# Reel grease - and other reel maintenance stuff



## DBStoots (Jul 9, 2011)

lemaymiami said:


> I was asked on another forum about what kind of reel grease I use and thought I'd share it here...
> 
> Glad you asked since I've been using the same tub of blue grease now for nearly 30 years... All I ever use is high temp grease - and the brand is Kendall (and I imagine every brand has "high temp grease"... It comes in a tub that's about the size of a big coffee mug and I use as little of it as possible on each reel - only for two purposes - the first is on the teeth of any gear or in places where two pieces of metal rub together... The second is to seal up bearings - after they've been filled with oil (and quality gun oil - never "3 in 1" oil since it turns into glue as it gets older...). I clean off each bearing in mineral spirits, dry it off, then work a bit of oil into the seams where it can work down into the bearing race - then seal each side of the bearing with a light coating of grease to prevent water from getting down into the race. Bearings that are treated this way last forever in very hard service... Remember though that no new reel has coated bearings so don't delay in setting them up properly or you'll be replacing them - then doing what I've just described..
> 
> Hope this helps... These days my reel repairs are coming to an end since I've lost my wholesale parts connection - and many new reels these days hardly have a retail parts supply - much less a good wholesale connection... Wish it weren't so...

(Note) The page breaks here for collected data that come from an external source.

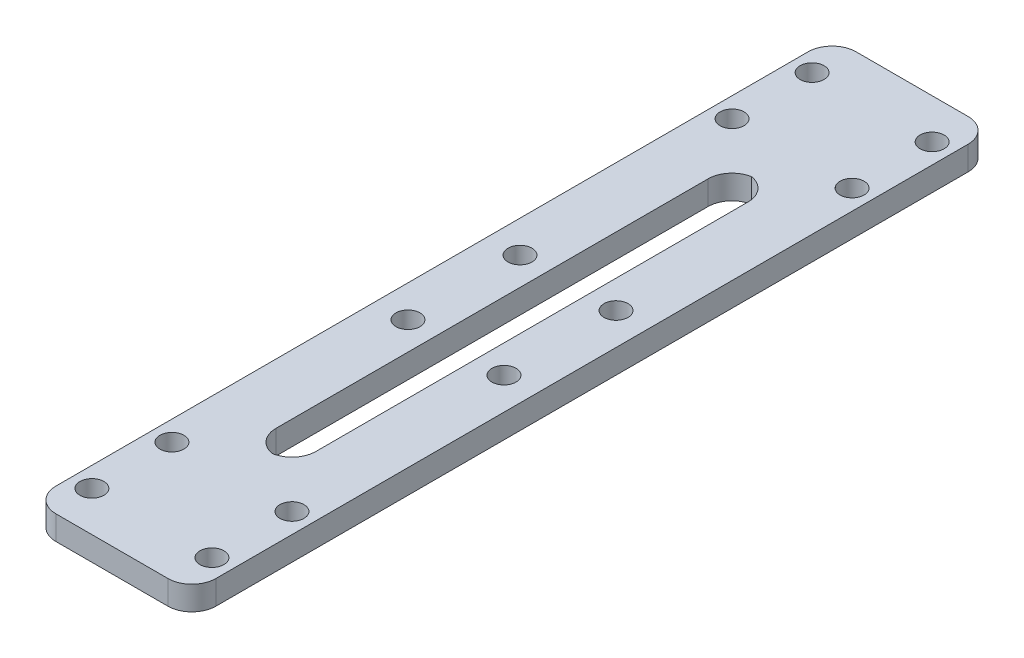
SolidWorks part; units mm, degrees
material "Thornel Mat VMA"
ref_plane "前视基准面" through (0, 0, 0) normal (0, 0, 1) x (1, 0, 0)
ref_plane "上视基准面" through (0, 0, 0) normal (0, 1, 0) x (1, 0, 0)
ref_plane "右视基准面" through (0, 0, 0) normal (1, 0, 0) x (0, 0, -1)
sketch "草图1" plane through (0, 0, 0) normal (0, 1, 0) x (1, 0, 0)
  line L1 (-10, -50) -> (10, -50)
  line L2 (-10, -50) -> (-10, 50)
  line L3 (-10, 50) -> (10, 50)
  line L4 (10, -50) -> (10, 50)
  line L5 (-10, -50) -> (10, 50) construction
  line L6 (-10, 50) -> (10, -50) construction
  point P0 (0, 0)
  dimension "D1" = 20
  dimension "D2" = 100
extrude "凸台-拉伸1" add sketch "草图1" along normal blind 3
sketch "草图2" plane through (0, 3, 0) normal (0, 1, 0) x (1, 0, 0)
  line L0 (-10, 0) -> (10, 0) construction
  line L1 (-10, 50) -> (-10, -50) construction
  line L2 (10, -50) -> (10, 50) construction
  line L3 (0, 50) -> (0, -50) construction
  line L4 (10, 50) -> (-10, 50) construction
  line L5 (-10, -50) -> (10, -50) construction
  line L6 (-7.5, -45) -> (7.5, -35) construction
  line L7 (-7.5, 35) -> (7.5, 35) construction
  line L8 (-7.5, 35) -> (-7.5, 45) construction
  line L9 (-7.5, 45) -> (7.5, 45) construction
  line L10 (7.5, 35) -> (7.5, 45) construction
  line L11 (-7.5, 35) -> (7.5, 45) construction
  line L12 (-7.5, 45) -> (7.5, 35) construction
  line L13 (-7.5, -35) -> (7.5, -45) construction
  line L14 (7.5, -35) -> (7.5, -45) construction
  line L15 (-7.5, -45) -> (7.5, -45) construction
  line L16 (-7.5, -35) -> (-7.5, -45) construction
  line L17 (-7.5, -35) -> (7.5, -35) construction
  circle A0 centre (-7.5, 45) radius 1.5
  circle A1 centre (-7.5, 35) radius 1.5
  circle A2 centre (7.5, 45) radius 1.5
  circle A3 centre (7.5, 35) radius 1.5
  circle A4 centre (7.5, -35) radius 1.5
  circle A5 centre (7.5, -45) radius 1.5
  circle A6 centre (-7.5, -35) radius 1.5
  circle A7 centre (-7.5, -45) radius 1.5
  point P12 (0, 40)
  point P29 (0, -40)
  dimension "D3" = 3
  dimension "D4" = 3
  dimension "D1" = 15
  dimension "D2" = 10
  dimension "D5" = 40
extrude "切除-拉伸1" cut sketch "草图2" against normal through all
sketch "草图3" plane through (0, 3, 0) normal (0, 1, 0) x (1, 0, 0)
  line L1 (-2.5, -30) -> (2.5, -30)
  line L2 (-2.5, -30) -> (-2.5, 30)
  line L3 (-2.5, 30) -> (2.5, 30)
  line L4 (2.5, -30) -> (2.5, 30)
  line L5 (-2.5, -30) -> (2.5, 30) construction
  line L6 (-2.5, 30) -> (2.5, -30) construction
  point P0 (0, 0)
  dimension "D1" = 60
  dimension "D2" = 5
extrude "切除-拉伸2" cut sketch "草图3" against normal through all and the other way through all
fillet "圆角1" radius 3 4 edges at (-2.5, 1.5, -30) (2.5, 1.5, -30) (-2.5, 1.5, 30) (2.5, 1.5, 30)
fillet "圆角2" radius 3 4 edges at (10, 1.5, -50) (-10, 1.5, -50) (-10, 1.5, 50) (10, 1.5, 50)
sketch "草图4" plane through (0, 3, 0) normal (0, 1, 0) x (1, 0, 0)
  line L0 (0, 7) -> (0, -7) construction
  line L1 (-6, -7) -> (6, -7) construction
  line L2 (-6, -7) -> (-6, 7) construction
  line L3 (-6, 7) -> (6, 7) construction
  line L4 (6, -7) -> (6, 7) construction
  line L5 (-6, -7) -> (6, 7) construction
  line L6 (-6, 7) -> (6, -7) construction
  line L7 (-6, 0) -> (6, 0) construction
  circle A0 centre (-6, 7) radius 1.5
  circle A1 centre (6, 7) radius 1.5
  circle A2 centre (6, -7) radius 1.5
  circle A3 centre (-6, -7) radius 1.5
  point P0 (0, 0)
  dimension "D1" = 3
  dimension "D2" = 14
  dimension "D3" = 12
extrude "切除-拉伸3" cut sketch "草图4" against normal through all

Need you to show me how to do this one day, Bob. More garage time!


----------



## lemaymiami (Feb 9, 2007)

No problem - and today I'm finally starting Tom's lure order...


----------



## iMacattack (Dec 11, 2006)

On this topic what do you use for drag washer grease? I bought a small (1oz) container of Cal's Universal Reel & Star Drag Grease many moons ago and still have a bunch left over. I had upgraded the drags on a bunch of reels to carbon washers and was "told" I needed to use Cal's. I think it was a ploy to sell me their grease.


----------



## lemaymiami (Feb 9, 2007)

Cal's is great stuff...I've been using Shimano's for years (part #DRAGGR...) always on carbon fiber drag washers with great results... A greased drag washer is counter- intuitive but it not only works well - but also extends the life of any drag washer lightly coated with it tremendously... My heavy Penn spinners are using the same coated washers (Penn's HT-100 drag washers) for years now without needing the slightest bit of maintenance - other than backing the drags to zero after a day's hard use.... Can't recommend greased washers for spinning reels enough -had good results with plug reels as well but they're not quite as long lasting (particularly reels with only one drag washer instead of a stack of alternating metal and HT100 washers...).

A little drag grease goes a long way so use it sparingly...


----------



## spc7669 (Apr 15, 2015)

Cal’s is the bomb for drag washers.


----------